In quick succession, Hector kills Helenus Oenopides, Teuthras, Orestes, Oenomaus, Trechus, and Oresbius. Saturnia (namely Juno) sees this and shares her annoyance with Pallas. The preparation of Juno’s chariot is described in some detail, as is the shield that Pallas takes up, fringed with snakes and displaying the Gorgon’s head. Juno takes up the scourge, and the goddesses fly. Tended by the Hours (Ὧραι), the gates of Olympus open for them—open outward, it seems, in order to reach (lines 761–2)
The top of all the topfull heauens, where aged Saturns sonne
Sate seuerd from the other Gods …
Juno complains that Mars is killing the Greeks, and Apollo and Venus only laugh at this; Juno herself wants permission to remove Mars from the battlefield for his impiety. Jove says that Athena should do this. The goddesses then fly down to Troy. Juno hides her horse in a mist at the confluence of the Scamander and the Simois, where ambrosia grows naturally. The goddesses themselves march to the battlefield, “like a paire of timorous Doues” (line 781).
Taking the shape of Stentor, whose voice is as loud as fifty men, Juno shames the Greeks, recalling that when Achilles was fighting, the Trojans dared not venture from their city.
Athena seeks out Diomedes in particular, whose wound keeps him from battle. She recalls that, with her help, a reluctant Tydeus nonetheless joined the feast at Thebes mentioned in the previous book, and he challenged the Thebans to the contests that he won: “the rust of rest / (That would haue seisd another mind) he sufferd not” (lines 809–10). Diomedes is not worthy of such a father.
Recognizing Pallas, Diomedes makes the excuse that he was only obeying her order to attack no deity but Venus; he did wound her, but now Mars is abroad, and so Diomedes has duly told the Greeks to withdraw. Pallas replies with a rudimentary just-war theory (lines 828–34):
What then was fit is chang’d: Tis true, Mars hath iust rule in warre,
But iust warre; otherwise he raues, not fights; he’s alterd farre;
He vow’d to Iuno and my selfe, that his aide should be vsd
Against the Troians, whom it guards; and therein he abusd
His rule in armes, infring’d his word, and made his warre vniust:
He is inconstant, impious, mad: Resolue then; firmly trust
My aide of thee against his worst, or any Deitie.
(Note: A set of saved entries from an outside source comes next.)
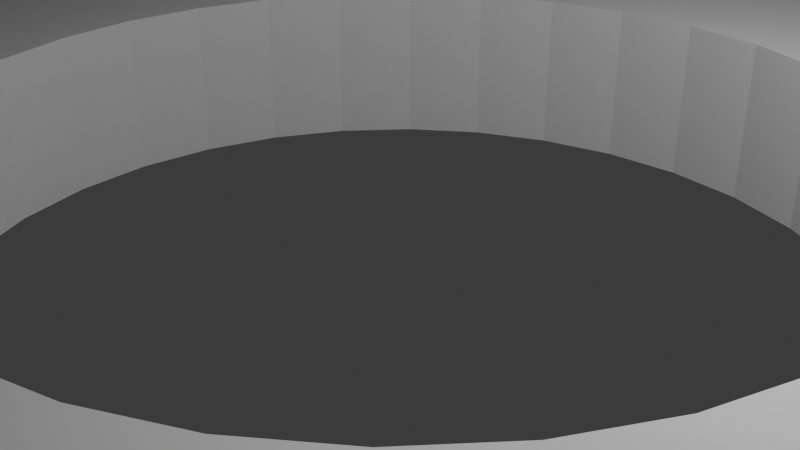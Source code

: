 # Source: platform.blend  (saved by Blender 4.1.23; exported with 4.5.12 LTS)
import bpy
from mathutils import Matrix  # noqa: F401  (used for matrix-valued properties, if any)

bpy.ops.wm.read_factory_settings(use_empty=True)
scene = bpy.context.scene
scene.name = 'Scene'

# ---- collections
col_collection = bpy.data.collections.new('Collection'); scene.collection.children.link(col_collection)

# ---- world
world_world = bpy.data.worlds.new('World'); scene.world = world_world
world_world.use_nodes = True; world_world.node_tree.nodes.clear()
_N = world_world.node_tree.nodes; _L = world_world.node_tree.links
n0 = _N.new('ShaderNodeOutputWorld'); n0.name = 'World Output'; n0.location = (300, 300)
n1 = _N.new('ShaderNodeBackground'); n1.name = 'Background'; n1.location = (10, 300)
n1.inputs[0].default_value = (0.05088, 0.05088, 0.05088, 1.0)
_L.new(n1.outputs[0], n0.inputs[0])
n0.is_active_output = True
world_world.color = (0.05088, 0.05088, 0.05088)
world_world.use_sun_shadow = False
world_world.sun_shadow_jitter_overblur = 0.0

# ---- cameras
cam_camera = bpy.data.cameras.new('Camera')
cam_camera.clip_end = 100.0
cam_camera.ortho_scale = 7.314

# ---- lights
light_light = bpy.data.lights.new('Light', 'POINT')
light_light.transmission_factor = 0.0
light_light.energy = 1000.0
light_light.shadow_soft_size = 0.1
light_light.shadow_maximum_resolution = 0.006
light_light.use_absolute_resolution = True

# ---- meshes
me_cylinder = bpy.data.meshes.new('Cylinder')
me_cylinder.from_pydata([(0.0, 1.0, -1.0), (0.0, 1.0, 1.0), (0.1951, 0.9808, -1.0), (0.1951, 0.9808, 1.0), (0.3827, 0.9239, -1.0), (0.3829, 0.9262, 1.001), (0.5556, 0.8315, -1.0), (0.5556, 0.8315, 1.0), (0.7071, 0.7071, -1.0), (0.7071, 0.7071, 1.0), (0.8315, 0.5556, -1.0), (0.8315, 0.5556, 1.0), (0.9239, 0.3827, -1.0), (0.9239, 0.3827, 1.0), (0.9808, 0.1951, -1.0), (0.9808, 0.1951, 1.0), (1.0, 0.0, -1.0), (1.0, 0.0, 1.0), (0.9808, -0.1951, -1.0), (0.9808, -0.1951, 1.0), (0.9239, -0.3827, -1.0), (0.9239, -0.3827, 1.0), (0.8315, -0.5556, -1.0), (0.8315, -0.5556, 1.0), (0.7071, -0.7071, -1.0), (0.7071, -0.7071, 1.0), (0.5556, -0.8315, -1.0), (0.5556, -0.8315, 1.0), (0.3827, -0.9239, -1.0), (0.3827, -0.9239, 1.0), (0.1951, -0.9808, -1.0), (0.1951, -0.9808, 1.0), (0.0, -1.0, -1.0), (0.0, -1.0, 1.0), (-0.1951, -0.9808, -1.0), (-0.1951, -0.9808, 1.0), (-0.3827, -0.9239, -1.0), (-0.3827, -0.9239, 1.0), (-0.5556, -0.8315, -1.0), (-0.5556, -0.8315, 1.0), (-0.7071, -0.7071, -1.0), (-0.7071, -0.7071, 1.0), (-0.8315, -0.5556, -1.0), (-0.8315, -0.5556, 1.0), (-0.9239, -0.3827, -1.0), (-0.9239, -0.3827, 1.0), (-0.9808, -0.1951, -1.0), (-0.9808, -0.1951, 1.0), (-1.0, 0.0, -1.0), (-1.0, 0.0, 1.0), (-0.9881, 0.1888, -0.7406), (-0.9808, 0.1951, 1.0), (-0.9239, 0.3827, -1.0), (-0.9239, 0.3827, 1.0), (-0.8315, 0.5556, -1.0), (-0.8315, 0.5556, 1.0), (-0.7071, 0.7071, -1.0), (-0.7071, 0.7071, 1.0), (-0.5556, 0.8315, -1.0), (-0.5556, 0.8315, 1.0), (-0.3827, 0.9239, -1.0), (-0.3827, 0.9239, 1.0), (-0.1951, 0.9808, -1.0), (-0.1951, 0.9808, 1.0), (-0.1, 0.0, 1.0), (-0.09808, 0.01951, 1.0), (-0.09808, -0.01951, 1.0), (-0.08315, -0.05556, 1.0), (-0.08315, 0.05556, 1.0), (-0.07071, -0.07071, 1.0), (-0.09239, -0.03827, 1.0), (-0.09239, 0.03827, 1.0), (-0.05556, -0.08315, 1.0), (-0.05556, 0.08315, 1.0), (-0.01951, 0.09808, 1.0), (0.01951, 0.09808, 1.001), (0.0, 0.1, 1.001), (-0.03827, 0.09239, 1.0), (-0.07071, 0.07071, 1.0), (-0.03827, -0.09239, 1.0), (0.0, -0.1, 1.0), (0.01951, -0.09808, 1.0), (-0.01951, -0.09808, 1.0), (0.03827, -0.09239, 1.0), (0.05556, 0.08315, 1.001), (0.05556, -0.08315, 1.0), (0.03827, 0.09239, 1.001), (0.08315, -0.05556, 1.0), (0.08315, 0.05556, 1.0), (0.1, 0.0, 1.0), (0.09808, -0.01951, 1.0), (0.09808, 0.01951, 1.0), (0.09239, 0.03827, 1.0), (0.07071, -0.07071, 1.0), (0.09239, -0.03827, 1.0), (0.07071, 0.07071, 1.001), (-0.01951, 0.09808, -1.0), (0.01951, 0.09808, -1.0), (0.0, 0.1, -1.0), (0.05556, -0.08315, -1.0), (0.03827, -0.09239, -1.0), (0.05556, 0.08315, -1.0), (0.03827, 0.09239, -1.0), (0.08315, -0.05556, -1.0), (0.08315, 0.05556, -1.0), (0.1, 0.0, -1.0), (0.09808, -0.01951, -1.0), (0.09808, 0.01951, -1.0), (0.09239, 0.03827, -1.0), (0.07071, -0.07071, -1.0), (0.09239, -0.03827, -1.0), (0.07071, 0.07071, -1.0), (-0.1, 0.0, -1.0), (-0.09808, -0.01951, -1.0), (-0.09808, 0.01951, -1.0), (-0.08315, -0.05556, -1.0), (-0.08315, 0.05556, -1.0), (-0.07071, -0.07071, -1.0), (-0.09239, -0.03827, -1.0), (-0.09239, 0.03827, -1.0), (-0.05556, -0.08315, -1.0), (-0.05556, 0.08315, -1.0), (-0.01951, -0.09808, -1.0), (0.01951, -0.09808, -1.0), (0.0, -0.1, -1.0), (-0.03827, -0.09239, -1.0), (-0.03827, 0.09239, -1.0), (-0.07071, 0.07071, -1.0)], [], [(0, 1, 3, 2), (2, 3, 5, 4), (4, 5, 7, 6), (6, 7, 9, 8), (8, 9, 11, 10), (10, 11, 13, 12), (12, 13, 15, 14), (14, 15, 17, 16), (16, 17, 19, 18), (18, 19, 21, 20), (20, 21, 23, 22), (22, 23, 25, 24), (24, 25, 27, 26), (26, 27, 29, 28), (28, 29, 31, 30), (30, 31, 33, 32), (32, 33, 35, 34), (34, 35, 37, 36), (36, 37, 39, 38), (38, 39, 41, 40), (40, 41, 43, 42), (42, 43, 45, 44), (44, 45, 47, 46), (46, 47, 49, 48), (48, 49, 51, 50), (50, 51, 53, 52), (52, 53, 55, 54), (54, 55, 57, 56), (56, 57, 59, 58), (58, 59, 61, 60), (5, 3, 1, 63, 61, 59, 57, 55, 53, 51, 49, 47, 45, 43, 41, 39, 37, 79, 72, 69, 67, 70, 66, 64, 65, 71, 68, 78, 73, 77, 74, 76, 75, 86, 84, 95, 88, 92, 91, 89, 90, 94, 21, 19, 17, 15, 13, 11, 9, 7), (25, 23, 21, 94, 87, 93, 85, 83, 81, 80, 82, 79, 37, 35, 33, 31, 29, 27), (60, 61, 63, 62), (62, 63, 1, 0), (62, 0, 2, 4, 6, 8, 10, 12, 14, 16, 18, 20, 22, 24, 26, 28, 30, 32, 34, 36, 38, 40, 42, 44, 46, 113, 118, 115, 117, 120, 125, 122, 124, 123, 100, 99, 109, 103, 110, 106, 105, 107, 108, 104, 111, 101, 102, 97, 98, 96), (113, 46, 48, 50, 52, 54, 56, 58, 60, 62, 96, 126, 121, 127, 116, 119, 114, 112), (97, 75, 76, 98), (102, 86, 75, 97), (101, 84, 86, 102), (111, 95, 84, 101), (88, 95, 111, 104), (92, 88, 104, 108), (91, 92, 108, 107), (89, 91, 107, 105), (90, 89, 105, 106), (94, 90, 106, 110), (87, 94, 110, 103), (93, 87, 103, 109), (85, 93, 109, 99), (83, 85, 99, 100), (81, 83, 100, 123), (80, 81, 123, 124), (82, 80, 124, 122), (79, 82, 122, 125), (72, 79, 125, 120), (69, 72, 120, 117), (115, 67, 69, 117), (118, 70, 67, 115), (113, 66, 70, 118), (112, 64, 66, 113), (114, 65, 64, 112), (119, 71, 65, 114), (116, 68, 71, 119), (127, 78, 68, 116), (121, 73, 78, 127), (126, 77, 73, 121), (96, 74, 77, 126), (98, 76, 74, 96)])
_uv = me_cylinder.uv_layers.new(name='UVMap')
_uv.uv.foreach_set('vector', [0.2928, 1.0, 0.2928, 0.6656, 0.325, 0.6656, 0.325, 1.0, 0.325, 1.0, 0.325, 0.6656, 0.3576, 0.6655, 0.3577, 1.0, 0.3577, 1.0, 0.3576, 0.6655, 0.3899, 0.6656, 0.3899, 1.0, 0.3899, 1.0, 0.3899, 0.6656, 0.4201, 0.6656, 0.4201, 1.0, 0.4201, 1.0, 0.4201, 0.6656, 0.4474, 0.6656, 0.4474, 1.0, -7.692e-09, 0.9998, 2.154e-08, 0.6655, 0.02317, 0.6655, 0.02317, 0.9998, 0.02317, 0.9998, 0.02317, 0.6655, 0.05042, 0.6655, 0.05042, 0.9998, 0.05042, 0.9998, 0.05042, 0.6655, 0.0807, 0.6655, 0.0807, 0.9998, 0.0807, 0.9998, 0.0807, 0.6655, 0.1128, 0.6655, 0.1128, 0.9998, 0.1128, 0.9998, 0.1128, 0.6655, 0.1456, 0.6655, 0.1456, 0.9998, 0.1456, 0.9998, 0.1456, 0.6655, 0.1778, 0.6655, 0.1778, 0.9998, 0.1778, 0.9998, 0.1778, 0.6655, 0.208, 0.6655, 0.208, 0.9998, 0.208, 0.9998, 0.208, 0.6655, 0.2353, 0.6655, 0.2353, 0.9998, 0.3327, 0.3344, 0.3327, 9.16e-09, 0.3559, 1.119e-08, 0.3559, 0.3344, 0.3559, 0.3344, 0.3559, 1.119e-08, 0.3832, 1.357e-08, 0.3832, 0.3344, 0.3832, 0.3344, 0.3832, 1.357e-08, 0.4134, 1.622e-08, 0.4134, 0.3344, 0.4134, 0.3344, 0.4134, 1.622e-08, 0.4456, 1.903e-08, 0.4456, 0.3344, 0.4456, 0.3344, 0.4456, 1.903e-08, 0.4784, 2.189e-08, 0.4784, 0.3344, 0.4784, 0.3344, 0.4784, 2.189e-08, 0.5105, 2.47e-08, 0.5105, 0.3344, 0.5105, 0.3344, 0.5105, 2.47e-08, 0.5408, 2.735e-08, 0.5408, 0.3344, 0.5408, 0.3344, 0.5408, 2.735e-08, 0.568, 2.973e-08, 0.568, 0.3344, 0.568, 0.3344, 0.568, 2.973e-08, 0.5912, 3.176e-08, 0.5912, 0.3344, 0.5912, 0.3344, 0.5912, 1.993e-08, 0.6165, 5.839e-06, 0.6165, 0.3344, 0.6165, 0.3344, 0.6165, 5.839e-06, 0.6455, 1.015e-05, 0.6455, 0.3344, 0.6455, 0.3344, 0.6455, 1.015e-05, 0.6768, 1.28e-05, 0.6754, 0.291, 0.6754, 0.291, 0.6768, 1.28e-05, 0.7094, 1.37e-05, 0.7094, 0.3344, 0.7094, 0.3344, 0.7094, 1.37e-05, 0.742, 1.28e-05, 0.742, 0.3344, 0.742, 0.3344, 0.742, 1.28e-05, 0.7734, 1.014e-05, 0.7734, 0.3344, 0.7734, 0.3344, 0.7734, 1.014e-05, 0.8023, 5.819e-06, 0.8023, 0.3344, 0.8023, 0.3344, 0.8023, 5.819e-06, 0.8276, 0.0, 0.8276, 0.3344, 0.3267, 0.1179, 0.3327, 0.15, 0.3327, 0.1828, 0.3263, 0.2149, 0.3138, 0.2452, 0.2956, 0.2724, 0.2724, 0.2956, 0.2452, 0.3138, 0.2149, 0.3263, 0.1828, 0.3327, 0.15, 0.3327, 0.1178, 0.3263, 0.08757, 0.3138, 0.06032, 0.2956, 0.03714, 0.2724, 0.01894, 0.2452, 0.006394, 0.2149, 0.1504, 0.1712, 0.1516, 0.1743, 0.1534, 0.177, 0.1558, 0.1793, 0.1585, 0.1811, 0.1615, 0.1824, 0.1647, 0.183, 0.168, 0.183, 0.1712, 0.1824, 0.1743, 0.1811, 0.177, 0.1793, 0.1793, 0.177, 0.1811, 0.1743, 0.1824, 0.1712, 0.183, 0.168, 0.183, 0.1647, 0.1824, 0.1615, 0.1811, 0.1585, 0.1793, 0.1558, 0.177, 0.1534, 0.1743, 0.1516, 0.1712, 0.1504, 0.168, 0.1497, 0.1647, 0.1497, 0.1615, 0.1504, 0.1178, 0.006394, 0.15, 4.509e-09, 0.1828, 7.232e-09, 0.2149, 0.006394, 0.2452, 0.01894, 0.2724, 0.03714, 0.2956, 0.06032, 0.3138, 0.08757, 0.06032, 0.03714, 0.08757, 0.01893, 0.1178, 0.006394, 0.1615, 0.1504, 0.1585, 0.1516, 0.1558, 0.1534, 0.1534, 0.1558, 0.1516, 0.1585, 0.1504, 0.1615, 0.1497, 0.1647, 0.1497, 0.168, 0.1504, 0.1712, 0.006394, 0.2149, 1.099e-08, 0.1828, 1.371e-08, 0.15, 0.006394, 0.1178, 0.01894, 0.08757, 0.03714, 0.06032, 0.2353, 1.0, 0.2353, 0.6656, 0.2625, 0.6656, 0.2625, 1.0, 0.2625, 1.0, 0.2625, 0.6656, 0.2928, 0.6656, 0.2928, 1.0, 0.2723, 0.6284, 0.2451, 0.6466, 0.2148, 0.6591, 0.1827, 0.6655, 0.1499, 0.6655, 0.1178, 0.6591, 0.08752, 0.6465, 0.06029, 0.6283, 0.03712, 0.6051, 0.01893, 0.5779, 0.00639, 0.5476, 3.679e-08, 0.5154, 2.827e-08, 0.4827, 0.00639, 0.4505, 0.01893, 0.4203, 0.03712, 0.393, 0.06029, 0.3699, 0.08752, 0.3517, 0.1178, 0.3391, 0.1499, 0.3327, 0.1827, 0.3328, 0.2148, 0.3392, 0.2451, 0.3517, 0.2723, 0.3699, 0.2955, 0.3931, 0.1792, 0.4885, 0.1769, 0.4862, 0.1742, 0.4844, 0.1711, 0.4831, 0.1679, 0.4825, 0.1647, 0.4825, 0.1614, 0.4831, 0.1584, 0.4844, 0.1557, 0.4862, 0.1534, 0.4885, 0.1516, 0.4912, 0.1503, 0.4943, 0.1497, 0.4975, 0.1497, 0.5007, 0.1503, 0.504, 0.1516, 0.507, 0.1534, 0.5097, 0.1557, 0.512, 0.1584, 0.5139, 0.1614, 0.5151, 0.1647, 0.5157, 0.1679, 0.5157, 0.1711, 0.5151, 0.1742, 0.5139, 0.1769, 0.512, 0.1792, 0.4885, 0.2955, 0.3931, 0.3137, 0.4204, 0.3281, 0.4487, 0.3326, 0.4828, 0.3326, 0.5155, 0.3262, 0.5477, 0.3137, 0.578, 0.2955, 0.6052, 0.2723, 0.6284, 0.1769, 0.512, 0.1792, 0.5097, 0.181, 0.507, 0.1823, 0.504, 0.1829, 0.5008, 0.1829, 0.4975, 0.1823, 0.4943, 0.181, 0.4912, 0.5114, 0.9999, 0.5114, 0.6655, 0.5147, 0.6655, 0.5147, 0.9999, 0.5082, 0.9999, 0.5082, 0.6655, 0.5114, 0.6655, 0.5114, 0.9999, 0.505, 0.9999, 0.505, 0.6655, 0.5082, 0.6655, 0.5082, 0.9999, 0.5019, 0.9999, 0.5019, 0.6655, 0.505, 0.6655, 0.505, 0.9999, 0.4992, 0.6655, 0.5019, 0.6655, 0.5019, 0.9999, 0.4992, 0.9999, 0.4969, 0.6655, 0.4992, 0.6655, 0.4992, 0.9999, 0.4969, 0.9999, 0.4944, 0.6655, 0.4969, 0.6655, 0.4969, 0.9999, 0.4944, 0.9999, 0.4915, 0.6655, 0.4944, 0.6655, 0.4944, 0.9999, 0.4915, 0.9999, 0.4883, 0.6655, 0.4915, 0.6655, 0.4915, 0.9999, 0.4883, 0.9999, 0.4851, 0.6655, 0.4883, 0.6655, 0.4883, 0.9999, 0.4851, 0.9999, 0.4818, 0.6655, 0.4851, 0.6655, 0.4851, 0.9999, 0.4818, 0.9999, 0.4787, 0.6655, 0.4818, 0.6655, 0.4818, 0.9999, 0.4787, 0.9999, 0.4758, 0.6655, 0.4787, 0.6655, 0.4787, 0.9999, 0.4758, 0.9999, 0.4732, 0.6655, 0.4758, 0.6655, 0.4758, 0.9999, 0.4732, 0.9999, 0.5389, 0.6655, 0.5416, 0.6655, 0.5416, 0.9999, 0.5389, 0.9999, 0.5359, 0.6655, 0.5389, 0.6655, 0.5389, 0.9999, 0.5359, 0.9999, 0.5327, 0.6655, 0.5359, 0.6655, 0.5359, 0.9999, 0.5327, 0.9999, 0.5294, 0.6655, 0.5327, 0.6655, 0.5327, 0.9999, 0.5294, 0.9999, 0.5262, 0.6655, 0.5294, 0.6655, 0.5294, 0.9999, 0.5262, 0.9999, 0.5231, 0.6655, 0.5262, 0.6655, 0.5262, 0.9999, 0.5231, 0.9999, 0.5204, 0.9999, 0.5204, 0.6655, 0.5231, 0.6655, 0.5231, 0.9999, 0.4709, 0.9999, 0.4709, 0.6655, 0.4732, 0.6655, 0.4732, 0.9999, 0.4682, 0.9999, 0.4682, 0.6655, 0.4709, 0.6655, 0.4709, 0.9999, 0.4652, 0.9999, 0.4652, 0.6655, 0.4682, 0.6655, 0.4682, 0.9999, 0.462, 0.9999, 0.462, 0.6655, 0.4652, 0.6655, 0.4652, 0.9999, 0.4587, 0.9999, 0.4587, 0.6655, 0.462, 0.6655, 0.462, 0.9999, 0.4555, 0.9999, 0.4555, 0.6655, 0.4587, 0.6655, 0.4587, 0.9999, 0.4524, 0.9999, 0.4524, 0.6655, 0.4555, 0.6655, 0.4555, 0.9999, 0.4497, 0.9999, 0.4497, 0.6655, 0.4524, 0.6655, 0.4524, 0.9999, 0.4474, 0.9999, 0.4474, 0.6655, 0.4497, 0.6655, 0.4497, 0.9999, 0.5177, 0.9999, 0.5177, 0.6655, 0.5204, 0.6655, 0.5204, 0.9999, 0.5147, 0.9999, 0.5147, 0.6655, 0.5177, 0.6655, 0.5177, 0.9999])
me_cylinder.update()

# ---- objects
ob_light = bpy.data.objects.new('Light', light_light)
ob_camera = bpy.data.objects.new('Camera', cam_camera)
ob_cylinder = bpy.data.objects.new('Cylinder', me_cylinder)

# ---- transforms, parenting, visibility, modifiers, constraints
ob_light.location = (4.076, 1.005, 5.904)
ob_light.rotation_euler = (0.6503, 0.05522, 1.866)
ob_light.lock_rotations_4d = False
ob_light.empty_display_type = 'ARROWS'
ob_light.color = (0.0, 0.0, 0.0, 0.0)
ob_light.lineart.crease_threshold = 0.0
ob_camera.location = (7.359, -6.926, 4.958)
ob_camera.rotation_euler = (1.109, 0.0, 0.8149)
ob_camera.lock_rotations_4d = False
ob_camera.empty_display_type = 'ARROWS'
ob_camera.color = (0.0, 0.0, 0.0, 0.0)
ob_camera.display_type = 'WIRE'
ob_camera.lineart.crease_threshold = 0.0
ob_cylinder.location = (0.0, 0.0, 0.0)
ob_cylinder.scale = (50.0, 50.0, 1.0)

# ---- collection membership
col_collection.objects.link(ob_light)
col_collection.objects.link(ob_camera)
col_collection.objects.link(ob_cylinder)

# ---- scene / render settings (as saved in the file)
scene.camera = ob_camera
scene.frame_start = 1; scene.frame_end = 250; scene.frame_set(1)
scene.render.engine = 'BLENDER_EEVEE_NEXT'
scene.cycles.sampling_pattern = 'TABULATED_SOBOL'
scene.eevee.ray_tracing_options.trace_max_roughness = 0.0
bpy.context.view_layer.update()

Mars has just killed Periphas, strongest of the Aetolians and son of Ochisius. Mars is about to despoil the body when he sees Diomedes driving up; he does not see Pallas, who can use her helmet as a cloaking device and who keeps the lance of Mars from piercing the breast of Diomedes.
Athena also allows the lance of Diomedes to pierce the belly of Mars, who cries out with the voice of nine or ten thousand men and flies to heaven, where he complains that, while the other gods obey, Jove’s daughter does whatever she wants (lines 882–93).
Iupiter, with a contracted brow,
Thus answerd Mars: Thou many minds, inconstant changling thou;
Sit not complaining thus by me; whom most of all the Gods
(Inhabiting the starrie hill) I hate: no periods
Being set to thy contentions, brawles, fights, and pitching fields;
Iust of thy mother Iunos moods; stiffe-neckt, and neuer yeelds,
Though I correct her still, and chide; nor can forbeare offence,
Though to her sonne; this wound I know, tasts of her insolence.
But I will proue more naturall, thou shalt be cur’d, because
Thou com’st of me: but hadst thou bene, so crosse to sacred lawes,
Being borne to any other God; thou hadst bene throwne from heauen
Long since, as low as Tartarus, beneath the Giants driuen.
Jove calls Paeon to treat Mars’s wound. It heals the way milk curdles when rennet is put in. Hebe bathes and dresses Mars, who sits (line 901),
Exulting by his Sire againe, in top of all his state.
Their work being done, Juno and Pallas come back too.